I pray that her strength would know no bounds, like the vastness of the oceans deep, both wild and open. That no fear, no insecurity, would ever rob of her of her role here on this earth but instead, with strength, she would lay hold of every dream and promise given to her. Yes, I pray she is strong, and I pray that God would make me strong enough to raise a strong woman like this.
The other night I was asked what has been most unexpected since getting pregnant, and I've been thinking on this for a few days now. I think I've landed on the following: I never expected to take on motherhood so early on. That is to say, I didn't expect to feel like a Mom before I held her in my arms.
There's a beautiful, deep connection that I have with her, that has truly transformed my perspective, my priorities, and my personhood, even now. I have felt new depths of love and heard God's voice in a unique way, that I know I wouldn't have before. I didn't think this would happen while I was pregnant and thought all the change would happen all at once when she arrived. But the truth is, in so many ways it feels like she's not only here now, but always been with us, like this promise written on my heart that I've carried unknowingly.
This whole experience has been beautiful to say the least. Difficult? Absolutely. But, I'm used to challenges and thankful for the fruit they produce.

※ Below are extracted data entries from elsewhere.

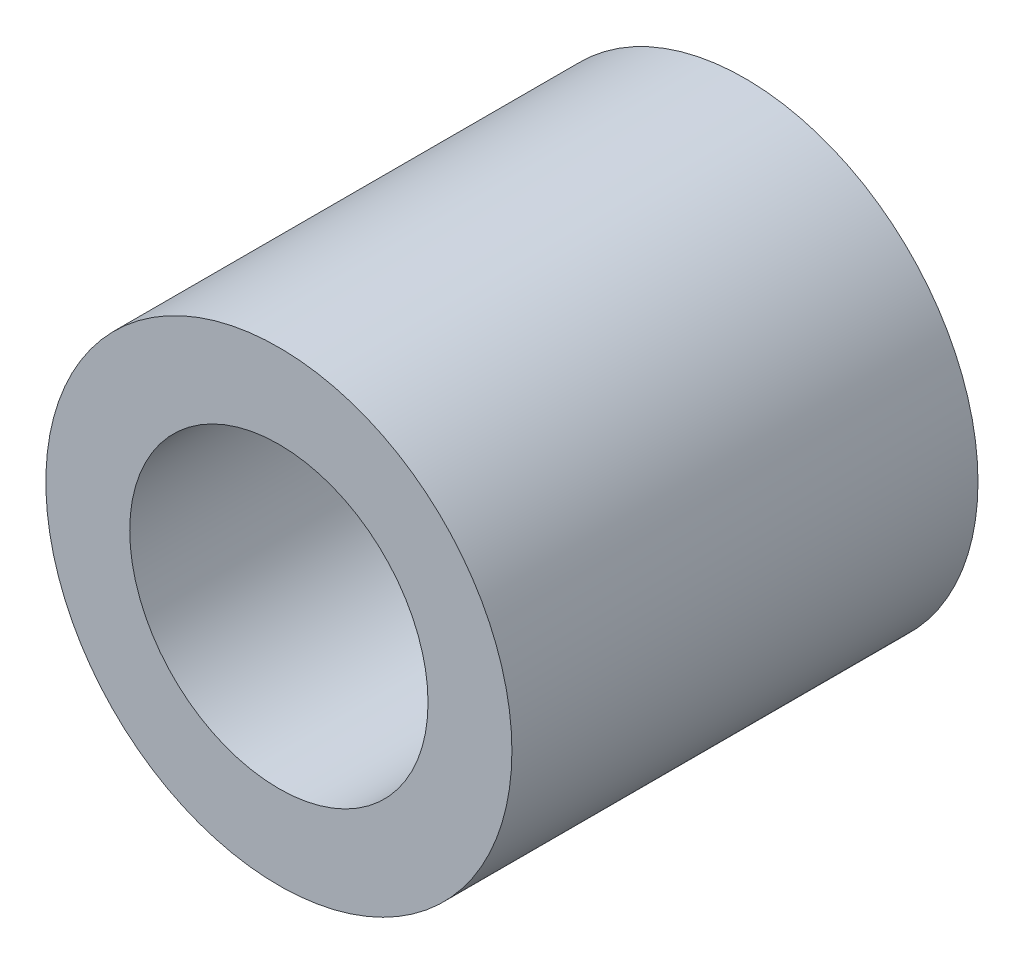
SolidWorks part; units mm, degrees
material "ABS"
ref_plane "前视基准面" through (0, 0, 0) normal (0, 0, 1) x (1, 0, 0)
ref_plane "上视基准面" through (0, 0, 0) normal (0, 1, 0) x (1, 0, 0)
ref_plane "右视基准面" through (0, 0, 0) normal (1, 0, 0) x (0, 0, -1)
other "Configuration Table"
sketch "草图1" plane through (0, 0, 0) normal (0, 0, 1) x (1, 0, 0)
  circle A0 centre (0, 0) radius 2.5
  circle A1 centre (0, 0) radius 1.6
  dimension "D1" = 5
  dimension "D2" = 3.2
extrude "凸台-拉伸1" add sketch "草图1" along normal blind 5
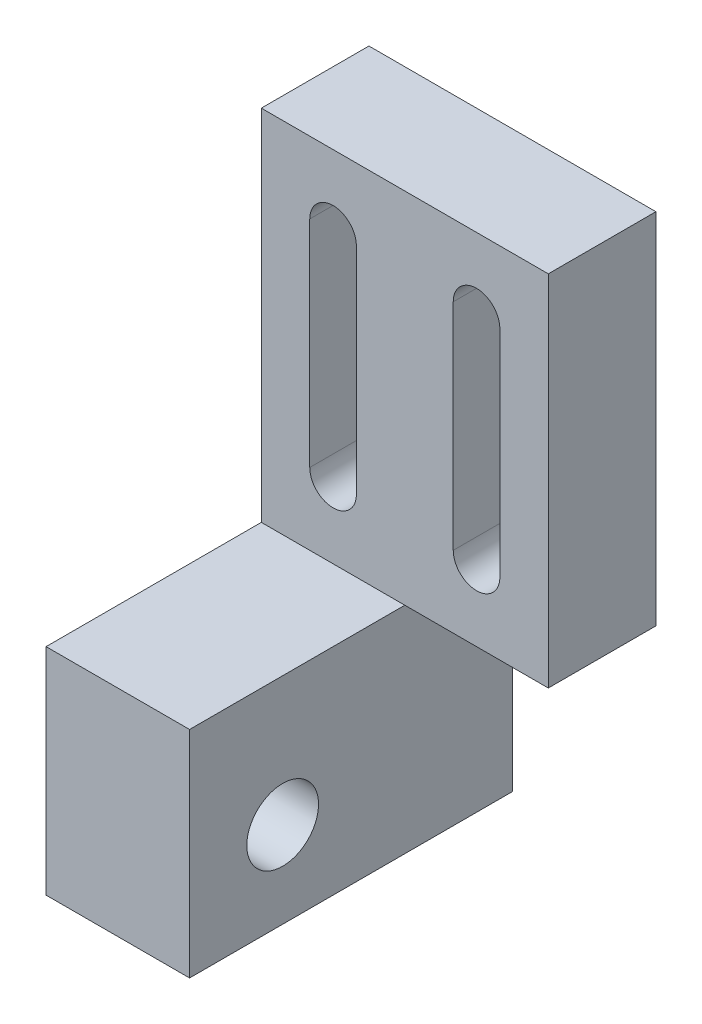
SolidWorks part; units mm, degrees
material "ABS"
ref_plane "前视基准面" through (0, 0, 0) normal (0, 0, 1) x (1, 0, 0)
ref_plane "上视基准面" through (0, 0, 0) normal (0, 1, 0) x (1, 0, 0)
ref_plane "右视基准面" through (0, 0, 0) normal (1, 0, 0) x (0, 0, -1)
other "Configuration Table"
sketch "草图1" plane through (0, 0, 0) normal (0, 0, 1) x (1, 0, 0)
  line L0 (-84.6, 0.47) -> (-68.7, 0.47) construction
  line L1 (-84.6, 6.47) -> (-80.6, 6.47)
  line L2 (-84.6, 6.47) -> (-84.6, 0.47)
  line L3 (-84.6, 0.47) -> (-80.6, 0.47)
  line L4 (-80.6, 6.47) -> (-80.6, 0.47)
  dimension "D1" = 6
  dimension "D2" = 4
extrude "凸台-拉伸1" add sketch "草图1" along normal blind 9
sketch "草图5" plane through (0, 0, 0) normal (0, 0, 1) x (1, 0, 0)
  line L1 (-84.6, 6.47) -> (-76.6, 6.47)
  line L2 (-84.6, 6.47) -> (-84.6, 16.47)
  line L3 (-84.6, 16.47) -> (-76.6, 16.47)
  line L4 (-76.6, 6.47) -> (-76.6, 16.47)
  dimension "D1" = 10
  dimension "D2" = 8
extrude "凸台-拉伸3" add sketch "草图5" along normal blind 3
sketch "草图7" plane through (-84.6, 0, 0) normal (-1, 0, 0) x (0, 0, 1)
  line L6 (0, 16.47) -> (0, 0.47)
  line L7 (0, 0.47) -> (9, 0.47)
  line L8 (9, 0.47) -> (9, 6.47)
  line L9 (9, 6.47) -> (3, 6.47)
  line L10 (3, 6.47) -> (3, 16.47)
  line L11 (3, 16.47) -> (0, 16.47)
  line L12 (0, 16.47) -> (0, 0.47)
  line L13 (0, 0.47) -> (9, 0.47)
  line L14 (9, 0.47) -> (9, 6.47)
  line L15 (9, 6.47) -> (3, 6.47)
  line L16 (3, 6.47) -> (3, 16.47)
  line L17 (3, 16.47) -> (0, 16.47)
  arc A0 (5.755, 3.6299) -> (7.055, 3.6299) centre (6.405, 2.87) ccw construction
  arc A1 (5.755, 3.6299) -> (7.055, 3.6299) centre (6.405, 2.87) ccw
  circle A2 centre (6.405, 2.87) radius 1
  dimension "D2" = 2
  dimension "D1" = 0
extrude "切除-拉伸4" cut sketch "草图7" against normal through all contours A1 A2
sketch "草图8" plane through (0, 0, 3) normal (0, 0, 1) x (1, 0, 0)
  line L0 (-82.6, 8.47) -> (-82.6, 14.47) construction
  line L1 (-83.25, 8.47) -> (-83.25, 14.47)
  line L2 (-81.95, 8.47) -> (-81.95, 14.47)
  line L3 (-78.6, 14.47) -> (-78.6, 8.47) construction
  line L4 (-77.95, 14.47) -> (-77.95, 8.47)
  line L5 (-79.25, 14.47) -> (-79.25, 8.47)
  line L6 (-80.6, 20.5485) -> (-80.6, 3.956) construction
  line L10 (-76.6, 6.47) -> (-76.6, 16.47) construction
  line L11 (-84.6, 16.47) -> (-84.6, 6.47) construction
  line L12 (-86.6279, 11.47) -> (-75.4887, 11.47) construction
  line L14 (-76.6, 16.47) -> (-84.6, 16.47) construction
  line L15 (-80.6, 6.47) -> (-76.6, 6.47) construction
  arc A0 (-83.25, 8.47) -> (-81.95, 8.47) centre (-82.6, 8.47) ccw
  arc A1 (-81.95, 14.47) -> (-83.25, 14.47) centre (-82.6, 14.47) ccw
  arc A2 (-77.95, 14.47) -> (-79.25, 14.47) centre (-78.6, 14.47) ccw
  arc A3 (-79.25, 8.47) -> (-77.95, 8.47) centre (-78.6, 8.47) ccw
  point P2 (-82.6, 11.47)
  point P8 (-78.6, 11.47)
  dimension "D1" = 1.3
  dimension "D2" = 2
  dimension "D3" = 4
extrude "切除-拉伸5" cut sketch "草图8" against normal through all

I know that there is still so much more to learn, and glean, and experience, and I welcome it all with open arms.
We took a visit to the beach this weekend and I loved that our sweet girl got to be with us. I can't wait until she's running around in her bathing suit, chasing Gretchen around! I wore this dress from Pink Blush that fit my bump so perfectly. I love finding dresses that make me feel good, and this is definitely one of them.